Task instructions:
Lines before the one containing "(0, 0, -15.748)" are left out; output the rest of the data exactly, through the final line.
....................
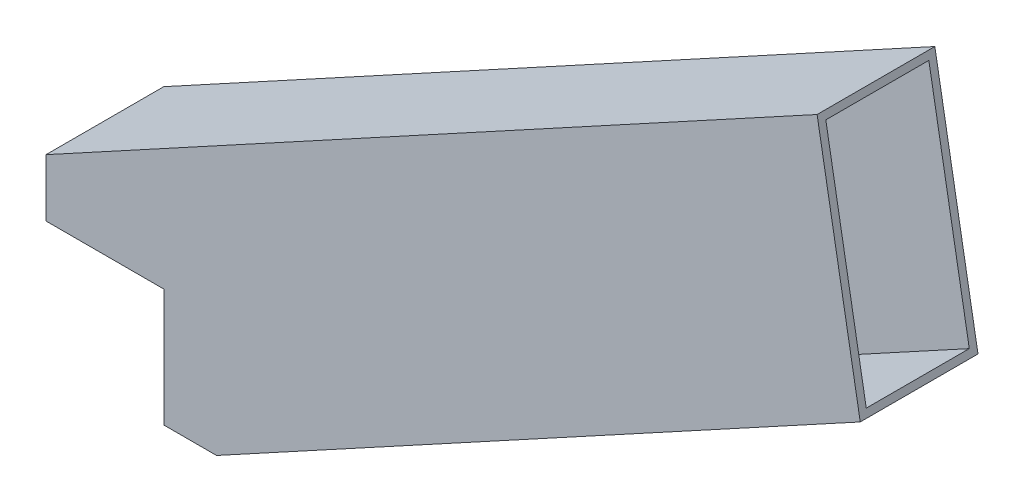
SolidWorks part; units mm, degrees
material "6061-T6 (SS)"
ref_plane "Front" through (0, 0, 0) normal (0, 0, 1) x (1, 0, 0)
ref_plane "Top" through (0, 0, 0) normal (0, 1, 0) x (1, 0, 0)
ref_plane "Right" through (0, 0, 0) normal (1, 0, 0) x (0, 0, -1)
sketch "Sketch1" plane through (0, 0, 0) normal (0, 0, 1) x (1, 0, 0)
  line L0 (184.6516, -98.3142) -> (144.1044, 131.6406) construction
  line L1 (0, 0) -> (-50.8, 0) construction
  line L2 (0, 0) -> (0, 25.4) construction
  line L3 (0, 25.4) -> (-50.8, 25.4) construction
  line L4 (-50.8, 0) -> (-50.8, 25.4) construction
  line L5 (184.6516, -98.3142) -> (210.0516, -98.3142) construction
  line L6 (144.1044, 131.6406) -> (-22.225, 40.976)
  line L7 (153.4115, 78.857) -> (14.5686, 3.175)
  line L9 (144.1044, 131.6406) -> (153.4115, 78.857)
  line L11 (3.175, 3.175) -> (3.175, 28.575)
  line L12 (3.175, 28.575) -> (-22.225, 28.575) construction
  line L15 (-22.225, 28.575) -> (3.175, 28.575)
  line L16 (-50.8, 25.4) -> (-44.9753, 28.575) construction
  line L17 (-22.225, 40.976) -> (-22.225, 28.575)
  line L18 (3.175, 3.175) -> (14.5686, 3.175)
  dimension "D1" = 50.8
  dimension "D2" = 25.4
  dimension "D3" = 100
  dimension "D4" = 106.2406
  dimension "D5" = 144.1044
  dimension "D6" = 25.4
  dimension "D7" = 233.5022
  dimension "D8" = 50.8
  dimension "D9" = 71.406
  dimension "D10" = 221.9792
  dimension "D11" = 3.175
  dimension "D12" = 3.175
  dimension "D13" = 25.4
  dimension "D14" = 25.4
extrude "Boss-Extrude1" add sketch "Sketch1" along normal blind 25.4
shell "Shell1" thickness 1.5875 removed face at (-9.525, 28.575, 12.7) removed face at (3.175, 15.875, 12.7) removed face at (148.7579, 105.2488, 12.7) removed face at (8.8718, 3.175, 12.7) removed face at (-22.225, 34.7755, 12.7)
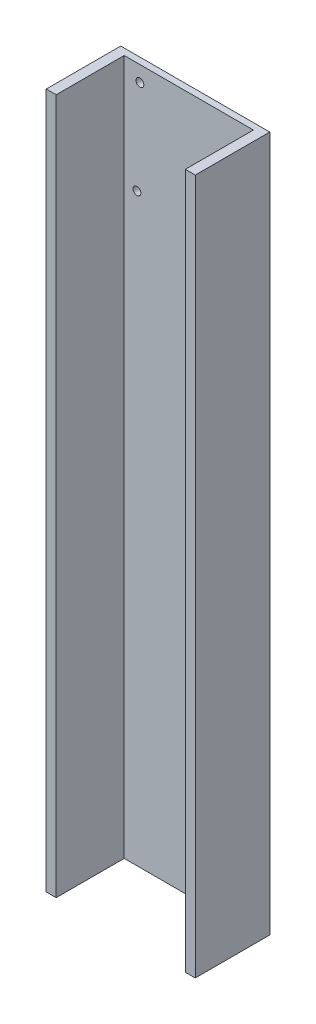
SolidWorks part; units mm, degrees
ref_plane "Front" through (0, 0, 0) normal (0, 0, 1) x (1, 0, 0)
ref_plane "Top" through (0, 0, 0) normal (0, 1, 0) x (1, 0, 0)
ref_plane "Right" through (0, 0, 0) normal (1, 0, 0) x (0, 0, -1)
sketch "Sketch1" plane through (0, 0, 0) normal (0, 1, 0) x (1, 0, 0)
  line L0 (-38.1, -19.05) -> (-33.02, -19.05)
  line L1 (-38.1, -19.05) -> (38.1, -19.05) construction
  line L2 (-38.1, -19.05) -> (-38.1, 19.05)
  line L3 (-38.1, 19.05) -> (38.1, 19.05)
  line L4 (38.1, -19.05) -> (38.1, 19.05)
  line L5 (-38.1, -19.05) -> (38.1, 19.05) construction
  line L6 (-38.1, 19.05) -> (38.1, -19.05) construction
  line L7 (-33.02, -19.05) -> (-33.02, 15.748)
  line L8 (-33.02, 15.748) -> (33.02, 15.748)
  line L9 (33.02, 15.748) -> (33.02, -19.05)
  line L10 (33.02, -19.05) -> (38.1, -19.05)
  point P0 (0, 0)
  dimension "D1" = 76.2
  dimension "D2" = 38.1
  dimension "D3" = 3.302
  dimension "D4" = 5.08
extrude "Boss-Extrude1" add sketch "Sketch1" along normal mid plane 355.6
sketch "Sketch2" plane through (0, 0, -15.748) normal (0, 0, 1) x (1, 0, 0)
  line L0 (-33.02, 177.8) -> (-33.02, -177.8) construction
  line L1 (-33.02, 177.8) -> (-25.02, 177.8) construction
  line L2 (-33.02, 177.8) -> (-33.02, 169.8) construction
  line L3 (-33.02, 169.8) -> (-25.02, 169.8) construction
  line L4 (-25.02, 177.8) -> (-25.02, 169.8) construction
  circle A0 centre (-25.02, 169.8) radius 2
  circle A1 centre (-26.52, 121.0335) radius 2
  circle A2 centre (-7.22, 127.3835) radius 1.5 construction
  arc A3 (-7.22, 127.3835) -> (-20.17, 101.7335) centre (-26.52, 121.0335) cw construction
  arc A4 (-19.7012, 100.3086) -> (-5.7951, 127.8523) centre (-26.52, 121.0335) ccw construction
  arc A5 (-20.6388, 103.1584) -> (-8.6449, 126.9147) centre (-26.52, 121.0335) ccw construction
  arc A6 (-20.6388, 103.1584) -> (-19.7012, 100.3086) centre (-20.17, 101.7335) ccw construction
  arc A7 (-5.7951, 127.8523) -> (-8.6449, 126.9147) centre (-7.22, 127.3835) ccw construction
  point P10 (-8.3827, 111.8765)
  point P18 (0, 0)
  dimension "D2" = 4
  dimension "D7" = 4
  dimension "D8" = 3
  dimension "D1" = 8
  dimension "D3" = 19.3
  dimension "D4" = 6.35
  dimension "D5" = 6.5
  dimension "D6" = 46
  dimension "D9" = 90
extrude "Cut-Extrude1" cut sketch "Sketch2" against normal through all
....................
Solution:
sketch "Sketch2" plane through (0, 0, -15.748) normal (0, 0, 1) x (1, 0, 0)
  line L0 (-33.02, 177.8) -> (-33.02, -177.8) construction
  line L1 (-33.02, 177.8) -> (-25.02, 177.8) construction
  line L2 (-33.02, 177.8) -> (-33.02, 169.8) construction
  line L3 (-33.02, 169.8) -> (-25.02, 169.8) construction
  line L4 (-25.02, 177.8) -> (-25.02, 169.8) construction
  circle A0 centre (-25.02, 169.8) radius 2
  circle A1 centre (-26.52, 121.0335) radius 2
  circle A2 centre (-7.22, 127.3835) radius 1.5 construction
  arc A3 (-7.22, 127.3835) -> (-20.17, 101.7335) centre (-26.52, 121.0335) cw construction
  arc A4 (-19.7012, 100.3086) -> (-5.7951, 127.8523) centre (-26.52, 121.0335) ccw construction
  arc A5 (-20.6388, 103.1584) -> (-8.6449, 126.9147) centre (-26.52, 121.0335) ccw construction
  arc A6 (-20.6388, 103.1584) -> (-19.7012, 100.3086) centre (-20.17, 101.7335) ccw construction
  arc A7 (-5.7951, 127.8523) -> (-8.6449, 126.9147) centre (-7.22, 127.3835) ccw construction
  point P10 (-8.3827, 111.8765)
  point P18 (0, 0)
  dimension "D2" = 4
  dimension "D7" = 4
  dimension "D8" = 3
  dimension "D1" = 8
  dimension "D3" = 19.3
  dimension "D4" = 6.35
  dimension "D5" = 6.5
  dimension "D6" = 46
  dimension "D9" = 90
extrude "Cut-Extrude1" cut sketch "Sketch2" against normal through all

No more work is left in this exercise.